■ Exercise requirements
Once you find the line containing "#92=ADVANCED_FACE('F34',(#91),#65,.F.);" in the data below, copy it and each following line exactly, up to and including the line containing "#100=DIRECTION('',(-1.,0.,0.));", and nothing else.

Excerpts from a dataset:

::::::::::

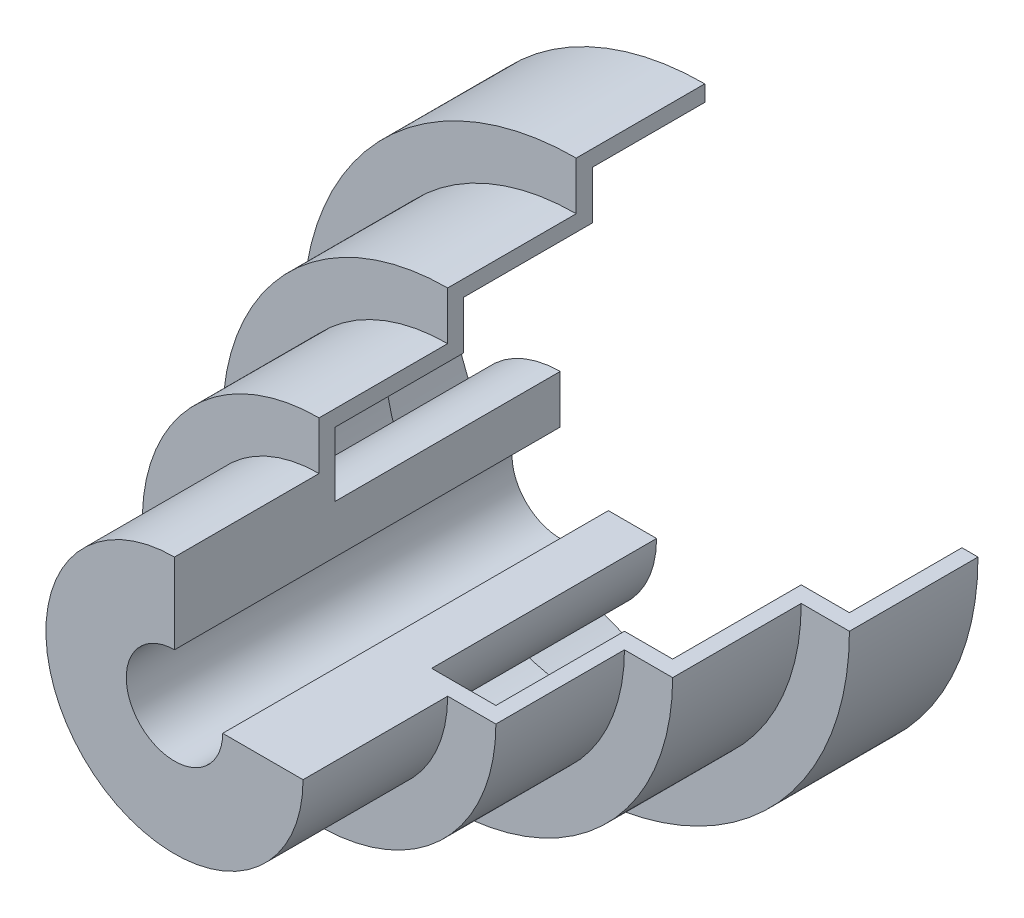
ISO-10303-21;
HEADER;
FILE_DESCRIPTION(('STEP AP214'),'2;1');
FILE_NAME('part.step','',(''),(''),'','','');
FILE_SCHEMA(('AUTOMOTIVE_DESIGN { 1 0 10303 214 1 1 1 1 }'));
ENDSEC;
DATA;
#1=APPLICATION_CONTEXT('core data for automotive mechanical design processes');
#2=APPLICATION_PROTOCOL_DEFINITION('international standard','automotive_design',2000,#1);
#3=PRODUCT_CONTEXT('',#1,'mechanical');
#4=PRODUCT('Part','Part','',(#3));
#5=PRODUCT_RELATED_PRODUCT_CATEGORY('part','',(#4));
#6=PRODUCT_DEFINITION_FORMATION('','',#4);
#7=PRODUCT_DEFINITION_CONTEXT('part definition',#1,'design');
#8=PRODUCT_DEFINITION('design','',#6,#7);
#9=PRODUCT_DEFINITION_SHAPE('','',#8);
#10=(LENGTH_UNIT() NAMED_UNIT(*) SI_UNIT(.MILLI.,.METRE.));
#11=(NAMED_UNIT(*) PLANE_ANGLE_UNIT() SI_UNIT($,.RADIAN.));
#12=(NAMED_UNIT(*) SI_UNIT($,.STERADIAN.) SOLID_ANGLE_UNIT());
#13=UNCERTAINTY_MEASURE_WITH_UNIT(LENGTH_MEASURE(1.E-05),#10,'distance_accuracy_value','');
#14=(GEOMETRIC_REPRESENTATION_CONTEXT(3) GLOBAL_UNCERTAINTY_ASSIGNED_CONTEXT((#13)) GLOBAL_UNIT_ASSIGNED_CONTEXT((#10,
#11,#12)) REPRESENTATION_CONTEXT('',''));
#15=CARTESIAN_POINT('',(0.,0.,0.));
#16=DIRECTION('',(0.,0.,1.));
#17=DIRECTION('',(1.,0.,0.));
#18=AXIS2_PLACEMENT_3D('',#15,#16,#17);
#19=CARTESIAN_POINT('',(40.,4.18977760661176E-13,120.));
#20=DIRECTION('',(0.,0.,1.));
#21=DIRECTION('',(1.,0.,0.));
#22=AXIS2_PLACEMENT_3D('',#19,#20,#21);
#23=PLANE('',#22);
#24=CARTESIAN_POINT('',(0.,0.,120.));
#25=DIRECTION('',(0.,0.,-1.));
#26=DIRECTION('',(-1.,0.,0.));
#27=AXIS2_PLACEMENT_3D('',#24,#25,#26);
#28=CIRCLE('',#27,15.);
#29=CARTESIAN_POINT('',(15.,1.57116660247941E-13,120.));
#30=VERTEX_POINT('',#29);
#31=CARTESIAN_POINT('',(0.,15.,120.));
#32=VERTEX_POINT('',#31);
#33=EDGE_CURVE('E11',#30,#32,#28,.T.);
#34=ORIENTED_EDGE('',*,*,#33,.T.);
#35=DIRECTION('',(0.,-1.,0.));
#36=VECTOR('',#35,1.);
#37=CARTESIAN_POINT('',(0.,40.,120.));
#38=LINE('',#37,#36);
#39=CARTESIAN_POINT('',(0.,40.,120.));
#40=VERTEX_POINT('',#39);
#41=EDGE_CURVE('E156',#40,#32,#38,.T.);
#42=ORIENTED_EDGE('',*,*,#41,.F.);
#43=CARTESIAN_POINT('',(0.,0.,120.));
#44=DIRECTION('',(0.,0.,-1.));
#45=DIRECTION('',(-1.,0.,0.));
#46=AXIS2_PLACEMENT_3D('',#43,#44,#45);
#47=CIRCLE('',#46,40.);
#48=CARTESIAN_POINT('',(40.,4.18977760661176E-13,120.));
#49=VERTEX_POINT('',#48);
#50=EDGE_CURVE('E47',#49,#40,#47,.T.);
#51=ORIENTED_EDGE('',*,*,#50,.F.);
#52=DIRECTION('',(-1.,0.,0.));
#53=VECTOR('',#52,1.);
#54=CARTESIAN_POINT('',(40.,4.18977760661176E-13,120.));
#55=LINE('',#54,#53);
#56=EDGE_CURVE('E158',#49,#30,#55,.T.);
#57=ORIENTED_EDGE('',*,*,#56,.T.);
#58=EDGE_LOOP('',(#34,#42,#51,#57));
#59=FACE_BOUND('',#58,.T.);
#60=ADVANCED_FACE('F32',(#59),#23,.T.);
#61=CARTESIAN_POINT('',(0.,0.,0.));
#62=DIRECTION('',(0.,0.,-1.));
#63=DIRECTION('',(-1.,0.,0.));
#64=AXIS2_PLACEMENT_3D('',#61,#62,#63);
#65=CYLINDRICAL_SURFACE('',#64,15.);
#66=CARTESIAN_POINT('',(0.,0.,0.));
#67=DIRECTION('',(0.,0.,-1.));
#68=DIRECTION('',(-1.,0.,0.));
#69=AXIS2_PLACEMENT_3D('',#66,#67,#68);
#70=CIRCLE('',#69,15.);
#71=CARTESIAN_POINT('',(15.,1.57116660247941E-13,0.));
#72=VERTEX_POINT('',#71);
#73=CARTESIAN_POINT('',(0.,15.,0.));
#74=VERTEX_POINT('',#73);
#75=EDGE_CURVE('E40',#72,#74,#70,.T.);
#76=ORIENTED_EDGE('',*,*,#75,.T.);
#77=DIRECTION('',(0.,0.,-1.));
#78=VECTOR('',#77,1.);
#79=CARTESIAN_POINT('',(0.,15.,120.));
#80=LINE('',#79,#78);
#81=EDGE_CURVE('E167',#32,#74,#80,.T.);
#82=ORIENTED_EDGE('',*,*,#81,.F.);
#83=ORIENTED_EDGE('',*,*,#33,.F.);
#84=DIRECTION('',(0.,0.,-1.));
#85=VECTOR('',#84,1.);
#86=CARTESIAN_POINT('',(15.,1.57116660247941E-13,120.));
#87=LINE('',#86,#85);
#88=EDGE_CURVE('E219',#30,#72,#87,.T.);
#89=ORIENTED_EDGE('',*,*,#88,.T.);
#90=EDGE_LOOP('',(#76,#82,#83,#89));
#91=FACE_BOUND('',#90,.T.);
#92=ADVANCED_FACE('F34',(#91),#65,.F.);
#93=CARTESIAN_POINT('',(15.,1.57116660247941E-13,0.));
#94=DIRECTION('',(0.,0.,-1.));
#95=DIRECTION('',(-1.,0.,0.));
#96=AXIS2_PLACEMENT_3D('',#93,#94,#95);
#97=PLANE('',#96);
#98=CARTESIAN_POINT('',(0.,0.,0.));
#99=DIRECTION('',(0.,0.,-1.));
#100=DIRECTION('',(-1.,0.,0.));
#101=AXIS2_PLACEMENT_3D('',#98,#99,#100);
#102=CIRCLE('',#101,30.);
#103=CARTESIAN_POINT('',(30.,3.14233320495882E-13,0.));
#104=VERTEX_POINT('',#103);
#105=CARTESIAN_POINT('',(0.,30.,0.));
#106=VERTEX_POINT('',#105);
#107=EDGE_CURVE('E295',#104,#106,#102,.T.);
#108=ORIENTED_EDGE('',*,*,#107,.T.);
#109=DIRECTION('',(0.,1.,0.));
#110=VECTOR('',#109,1.);
#111=CARTESIAN_POINT('',(0.,15.,0.));
#112=LINE('',#111,#110);
#113=EDGE_CURVE('E172',#74,#106,#112,.T.);
#114=ORIENTED_EDGE('',*,*,#113,.F.);
#115=ORIENTED_EDGE('',*,*,#75,.F.);
#116=DIRECTION('',(1.,0.,0.));
#117=VECTOR('',#116,1.);
#118=CARTESIAN_POINT('',(15.,1.57116660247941E-13,0.));
#119=LINE('',#118,#117);
#120=EDGE_CURVE('E221',#72,#104,#119,.T.);
#121=ORIENTED_EDGE('',*,*,#120,.T.);
#122=EDGE_LOOP('',(#108,#114,#115,#121));
#123=FACE_BOUND('',#122,.T.);
#124=ADVANCED_FACE('F297',(#123),#97,.T.);
#125=CARTESIAN_POINT('',(0.,0.,0.));
#126=DIRECTION('',(0.,0.,-1.));
#127=DIRECTION('',(-1.,0.,0.));
#128=AXIS2_PLACEMENT_3D('',#125,#126,#127);
#129=CYLINDRICAL_SURFACE('',#128,30.);
#130=CARTESIAN_POINT('',(0.,0.,70.));
#131=DIRECTION('',(0.,0.,-1.));
#132=DIRECTION('',(-1.,0.,0.));
#133=AXIS2_PLACEMENT_3D('',#130,#131,#132);
#134=CIRCLE('',#133,30.);
#135=CARTESIAN_POINT('',(30.,3.14233320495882E-13,70.));
#136=VERTEX_POINT('',#135);
#137=CARTESIAN_POINT('',(0.,30.,70.));
#138=VERTEX_POINT('',#137);
#139=EDGE_CURVE('E293',#136,#138,#134,.T.);
#140=ORIENTED_EDGE('',*,*,#139,.T.);
#141=DIRECTION('',(0.,0.,1.));
#142=VECTOR('',#141,1.);
#143=CARTESIAN_POINT('',(0.,30.,0.));
#144=LINE('',#143,#142);
#145=EDGE_CURVE('E174',#106,#138,#144,.T.);
#146=ORIENTED_EDGE('',*,*,#145,.F.);
#147=ORIENTED_EDGE('',*,*,#107,.F.);
#148=DIRECTION('',(0.,0.,1.));
#149=VECTOR('',#148,1.);
#150=CARTESIAN_POINT('',(30.,3.14233320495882E-13,0.));
#151=LINE('',#150,#149);
#152=EDGE_CURVE('E224',#104,#136,#151,.T.);
#153=ORIENTED_EDGE('',*,*,#152,.T.);
#154=EDGE_LOOP('',(#140,#146,#147,#153));
#155=FACE_BOUND('',#154,.T.);
#156=ADVANCED_FACE('F303',(#155),#129,.T.);
#157=CARTESIAN_POINT('',(30.,3.14233320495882E-13,70.));
#158=DIRECTION('',(0.,0.,-1.));
#159=DIRECTION('',(-1.,0.,0.));
#160=AXIS2_PLACEMENT_3D('',#157,#158,#159);
#161=PLANE('',#160);
#162=CARTESIAN_POINT('',(0.,0.,70.));
#163=DIRECTION('',(0.,0.,-1.));
#164=DIRECTION('',(-1.,0.,0.));
#165=AXIS2_PLACEMENT_3D('',#162,#163,#164);
#166=CIRCLE('',#165,50.);
#167=CARTESIAN_POINT('',(50.,5.2372220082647E-13,70.));
#168=VERTEX_POINT('',#167);
#169=CARTESIAN_POINT('',(0.,50.,70.));
#170=VERTEX_POINT('',#169);
#171=EDGE_CURVE('E291',#168,#170,#166,.T.);
#172=ORIENTED_EDGE('',*,*,#171,.T.);
#173=DIRECTION('',(0.,1.,0.));
#174=VECTOR('',#173,1.);
#175=CARTESIAN_POINT('',(0.,30.,70.));
#176=LINE('',#175,#174);
#177=EDGE_CURVE('E179',#138,#170,#176,.T.);
#178=ORIENTED_EDGE('',*,*,#177,.F.);
#179=ORIENTED_EDGE('',*,*,#139,.F.);
#180=DIRECTION('',(1.,0.,0.));
#181=VECTOR('',#180,1.);
#182=CARTESIAN_POINT('',(30.,3.14233320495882E-13,70.));
#183=LINE('',#182,#181);
#184=EDGE_CURVE('E227',#136,#168,#183,.T.);
#185=ORIENTED_EDGE('',*,*,#184,.T.);
#186=EDGE_LOOP('',(#172,#178,#179,#185));
#187=FACE_BOUND('',#186,.T.);
#188=ADVANCED_FACE('F306',(#187),#161,.T.);
#189=CARTESIAN_POINT('',(0.,0.,0.));
#190=DIRECTION('',(0.,0.,-1.));
#191=DIRECTION('',(-1.,0.,0.));
#192=AXIS2_PLACEMENT_3D('',#189,#190,#191);
#193=CYLINDRICAL_SURFACE('',#192,50.);
#194=CARTESIAN_POINT('',(0.,0.,30.));
#195=DIRECTION('',(0.,0.,-1.));
#196=DIRECTION('',(-1.,0.,0.));
#197=AXIS2_PLACEMENT_3D('',#194,#195,#196);
#198=CIRCLE('',#197,50.);
#199=CARTESIAN_POINT('',(50.,5.2372220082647E-13,30.));
#200=VERTEX_POINT('',#199);
#201=CARTESIAN_POINT('',(0.,50.,30.));
#202=VERTEX_POINT('',#201);
#203=EDGE_CURVE('E289',#200,#202,#198,.T.);
#204=ORIENTED_EDGE('',*,*,#203,.T.);
#205=DIRECTION('',(0.,0.,-1.));
#206=VECTOR('',#205,1.);
#207=CARTESIAN_POINT('',(0.,50.,70.));
#208=LINE('',#207,#206);
#209=EDGE_CURVE('E182',#170,#202,#208,.T.);
#210=ORIENTED_EDGE('',*,*,#209,.F.);
#211=ORIENTED_EDGE('',*,*,#171,.F.);
#212=DIRECTION('',(0.,0.,-1.));
#213=VECTOR('',#212,1.);
#214=CARTESIAN_POINT('',(50.,5.2372220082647E-13,70.));
#215=LINE('',#214,#213);
#216=EDGE_CURVE('E230',#168,#200,#215,.T.);
#217=ORIENTED_EDGE('',*,*,#216,.T.);
#218=EDGE_LOOP('',(#204,#210,#211,#217));
#219=FACE_BOUND('',#218,.T.);
#220=ADVANCED_FACE('F311',(#219),#193,.F.);
#221=CARTESIAN_POINT('',(50.,5.2372220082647E-13,30.));
#222=DIRECTION('',(0.,0.,-1.));
#223=DIRECTION('',(-1.,0.,0.));
#224=AXIS2_PLACEMENT_3D('',#221,#222,#223);
#225=PLANE('',#224);
#226=CARTESIAN_POINT('',(0.,0.,30.));
#227=DIRECTION('',(0.,0.,-1.));
#228=DIRECTION('',(-1.,0.,0.));
#229=AXIS2_PLACEMENT_3D('',#226,#227,#228);
#230=CIRCLE('',#229,65.);
#231=CARTESIAN_POINT('',(65.,6.80838861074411E-13,30.));
#232=VERTEX_POINT('',#231);
#233=CARTESIAN_POINT('',(0.,65.,30.));
#234=VERTEX_POINT('',#233);
#235=EDGE_CURVE('E287',#232,#234,#230,.T.);
#236=ORIENTED_EDGE('',*,*,#235,.T.);
#237=DIRECTION('',(0.,1.,0.));
#238=VECTOR('',#237,1.);
#239=CARTESIAN_POINT('',(0.,50.,30.));
#240=LINE('',#239,#238);
#241=EDGE_CURVE('E185',#202,#234,#240,.T.);
#242=ORIENTED_EDGE('',*,*,#241,.F.);
#243=ORIENTED_EDGE('',*,*,#203,.F.);
#244=DIRECTION('',(1.,0.,0.));
#245=VECTOR('',#244,1.);
#246=CARTESIAN_POINT('',(50.,5.2372220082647E-13,30.));
#247=LINE('',#246,#245);
#248=EDGE_CURVE('E233',#200,#232,#247,.T.);
#249=ORIENTED_EDGE('',*,*,#248,.T.);
#250=EDGE_LOOP('',(#236,#242,#243,#249));
#251=FACE_BOUND('',#250,.T.);
#252=ADVANCED_FACE('F314',(#251),#225,.T.);
#253=CARTESIAN_POINT('',(0.,0.,0.));
#254=DIRECTION('',(0.,0.,-1.));
#255=DIRECTION('',(-1.,0.,0.));
#256=AXIS2_PLACEMENT_3D('',#253,#254,#255);
#257=CYLINDRICAL_SURFACE('',#256,65.);
#258=CARTESIAN_POINT('',(0.,0.,-9.99999999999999));
#259=DIRECTION('',(0.,0.,-1.));
#260=DIRECTION('',(-1.,0.,0.));
#261=AXIS2_PLACEMENT_3D('',#258,#259,#260);
#262=CIRCLE('',#261,65.);
#263=CARTESIAN_POINT('',(65.,6.80838861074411E-13,-9.99999999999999));
#264=VERTEX_POINT('',#263);
#265=CARTESIAN_POINT('',(0.,65.,-9.99999999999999));
#266=VERTEX_POINT('',#265);
#267=EDGE_CURVE('E285',#264,#266,#262,.T.);
#268=ORIENTED_EDGE('',*,*,#267,.T.);
#269=DIRECTION('',(0.,0.,-1.));
#270=VECTOR('',#269,1.);
#271=CARTESIAN_POINT('',(0.,65.,30.));
#272=LINE('',#271,#270);
#273=EDGE_CURVE('E188',#234,#266,#272,.T.);
#274=ORIENTED_EDGE('',*,*,#273,.F.);
#275=ORIENTED_EDGE('',*,*,#235,.F.);
#276=DIRECTION('',(0.,0.,-1.));
#277=VECTOR('',#276,1.);
#278=CARTESIAN_POINT('',(65.,6.80838861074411E-13,30.));
#279=LINE('',#278,#277);
#280=EDGE_CURVE('E236',#232,#264,#279,.T.);
#281=ORIENTED_EDGE('',*,*,#280,.T.);
#282=EDGE_LOOP('',(#268,#274,#275,#281));
#283=FACE_BOUND('',#282,.T.);
#284=ADVANCED_FACE('F319',(#283),#257,.F.);
#285=CARTESIAN_POINT('',(65.,6.80838861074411E-13,-9.99999999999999));
#286=DIRECTION('',(0.,0.,-1.));
#287=DIRECTION('',(-1.,0.,0.));
#288=AXIS2_PLACEMENT_3D('',#285,#286,#287);
#289=PLANE('',#288);
#290=CARTESIAN_POINT('',(0.,0.,-9.99999999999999));
#291=DIRECTION('',(0.,0.,-1.));
#292=DIRECTION('',(-1.,0.,0.));
#293=AXIS2_PLACEMENT_3D('',#290,#291,#292);
#294=CIRCLE('',#293,80.);
#295=CARTESIAN_POINT('',(80.,8.37955521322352E-13,-9.99999999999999));
#296=VERTEX_POINT('',#295);
#297=CARTESIAN_POINT('',(0.,80.,-9.99999999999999));
#298=VERTEX_POINT('',#297);
#299=EDGE_CURVE('E283',#296,#298,#294,.T.);
#300=ORIENTED_EDGE('',*,*,#299,.T.);
#301=DIRECTION('',(0.,1.,0.));
#302=VECTOR('',#301,1.);
#303=CARTESIAN_POINT('',(0.,65.,-9.99999999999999));
#304=LINE('',#303,#302);
#305=EDGE_CURVE('E191',#266,#298,#304,.T.);
#306=ORIENTED_EDGE('',*,*,#305,.F.);
#307=ORIENTED_EDGE('',*,*,#267,.F.);
#308=DIRECTION('',(1.,0.,0.));
#309=VECTOR('',#308,1.);
#310=CARTESIAN_POINT('',(65.,6.80838861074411E-13,-9.99999999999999));
#311=LINE('',#310,#309);
#312=EDGE_CURVE('E239',#264,#296,#311,.T.);
#313=ORIENTED_EDGE('',*,*,#312,.T.);
#314=EDGE_LOOP('',(#300,#306,#307,#313));
#315=FACE_BOUND('',#314,.T.);
#316=ADVANCED_FACE('F322',(#315),#289,.T.);
#317=CARTESIAN_POINT('',(0.,0.,0.));
#318=DIRECTION('',(0.,0.,-1.));
#319=DIRECTION('',(-1.,0.,0.));
#320=AXIS2_PLACEMENT_3D('',#317,#318,#319);
#321=CYLINDRICAL_SURFACE('',#320,80.);
#322=CARTESIAN_POINT('',(0.,0.,-45.));
#323=DIRECTION('',(0.,0.,-1.));
#324=DIRECTION('',(-1.,0.,0.));
#325=AXIS2_PLACEMENT_3D('',#322,#323,#324);
#326=CIRCLE('',#325,80.);
#327=CARTESIAN_POINT('',(80.,8.37955521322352E-13,-45.));
#328=VERTEX_POINT('',#327);
#329=CARTESIAN_POINT('',(0.,80.,-45.));
#330=VERTEX_POINT('',#329);
#331=EDGE_CURVE('E281',#328,#330,#326,.T.);
#332=ORIENTED_EDGE('',*,*,#331,.T.);
#333=DIRECTION('',(0.,0.,-1.));
#334=VECTOR('',#333,1.);
#335=CARTESIAN_POINT('',(0.,80.,-9.99999999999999));
#336=LINE('',#335,#334);
#337=EDGE_CURVE('E194',#298,#330,#336,.T.);
#338=ORIENTED_EDGE('',*,*,#337,.F.);
#339=ORIENTED_EDGE('',*,*,#299,.F.);
#340=DIRECTION('',(0.,0.,-1.));
#341=VECTOR('',#340,1.);
#342=CARTESIAN_POINT('',(80.,8.37955521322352E-13,-9.99999999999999));
#343=LINE('',#342,#341);
#344=EDGE_CURVE('E242',#296,#328,#343,.T.);
#345=ORIENTED_EDGE('',*,*,#344,.T.);
#346=EDGE_LOOP('',(#332,#338,#339,#345));
#347=FACE_BOUND('',#346,.T.);
#348=ADVANCED_FACE('F327',(#347),#321,.F.);
#349=CARTESIAN_POINT('',(80.,8.37955521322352E-13,-45.));
#350=DIRECTION('',(0.,0.,-1.));
#351=DIRECTION('',(-1.,0.,0.));
#352=AXIS2_PLACEMENT_3D('',#349,#350,#351);
#353=PLANE('',#352);
#354=CARTESIAN_POINT('',(0.,0.,-45.));
#355=DIRECTION('',(0.,0.,-1.));
#356=DIRECTION('',(-1.,0.,0.));
#357=AXIS2_PLACEMENT_3D('',#354,#355,#356);
#358=CIRCLE('',#357,85.);
#359=CARTESIAN_POINT('',(85.,8.90327741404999E-13,-45.));
#360=VERTEX_POINT('',#359);
#361=CARTESIAN_POINT('',(0.,85.,-45.));
#362=VERTEX_POINT('',#361);
#363=EDGE_CURVE('E279',#360,#362,#358,.T.);
#364=ORIENTED_EDGE('',*,*,#363,.T.);
#365=DIRECTION('',(0.,1.,0.));
#366=VECTOR('',#365,1.);
#367=CARTESIAN_POINT('',(0.,80.,-45.));
#368=LINE('',#367,#366);
#369=EDGE_CURVE('E197',#330,#362,#368,.T.);
#370=ORIENTED_EDGE('',*,*,#369,.F.);
#371=ORIENTED_EDGE('',*,*,#331,.F.);
#372=DIRECTION('',(1.,0.,0.));
#373=VECTOR('',#372,1.);
#374=CARTESIAN_POINT('',(80.,8.37955521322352E-13,-45.));
#375=LINE('',#374,#373);
#376=EDGE_CURVE('E245',#328,#360,#375,.T.);
#377=ORIENTED_EDGE('',*,*,#376,.T.);
#378=EDGE_LOOP('',(#364,#370,#371,#377));
#379=FACE_BOUND('',#378,.T.);
#380=ADVANCED_FACE('F330',(#379),#353,.T.);
#381=CARTESIAN_POINT('',(0.,0.,0.));
#382=DIRECTION('',(0.,0.,-1.));
#383=DIRECTION('',(-1.,0.,0.));
#384=AXIS2_PLACEMENT_3D('',#381,#382,#383);
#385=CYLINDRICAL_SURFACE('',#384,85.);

::::::::::

■ Result of the exercise
#92=ADVANCED_FACE('F34',(#91),#65,.F.);
#93=CARTESIAN_POINT('',(15.,1.57116660247941E-13,0.));
#94=DIRECTION('',(0.,0.,-1.));
#95=DIRECTION('',(-1.,0.,0.));
#96=AXIS2_PLACEMENT_3D('',#93,#94,#95);
#97=PLANE('',#96);
#98=CARTESIAN_POINT('',(0.,0.,0.));
#99=DIRECTION('',(0.,0.,-1.));
#100=DIRECTION('',(-1.,0.,0.));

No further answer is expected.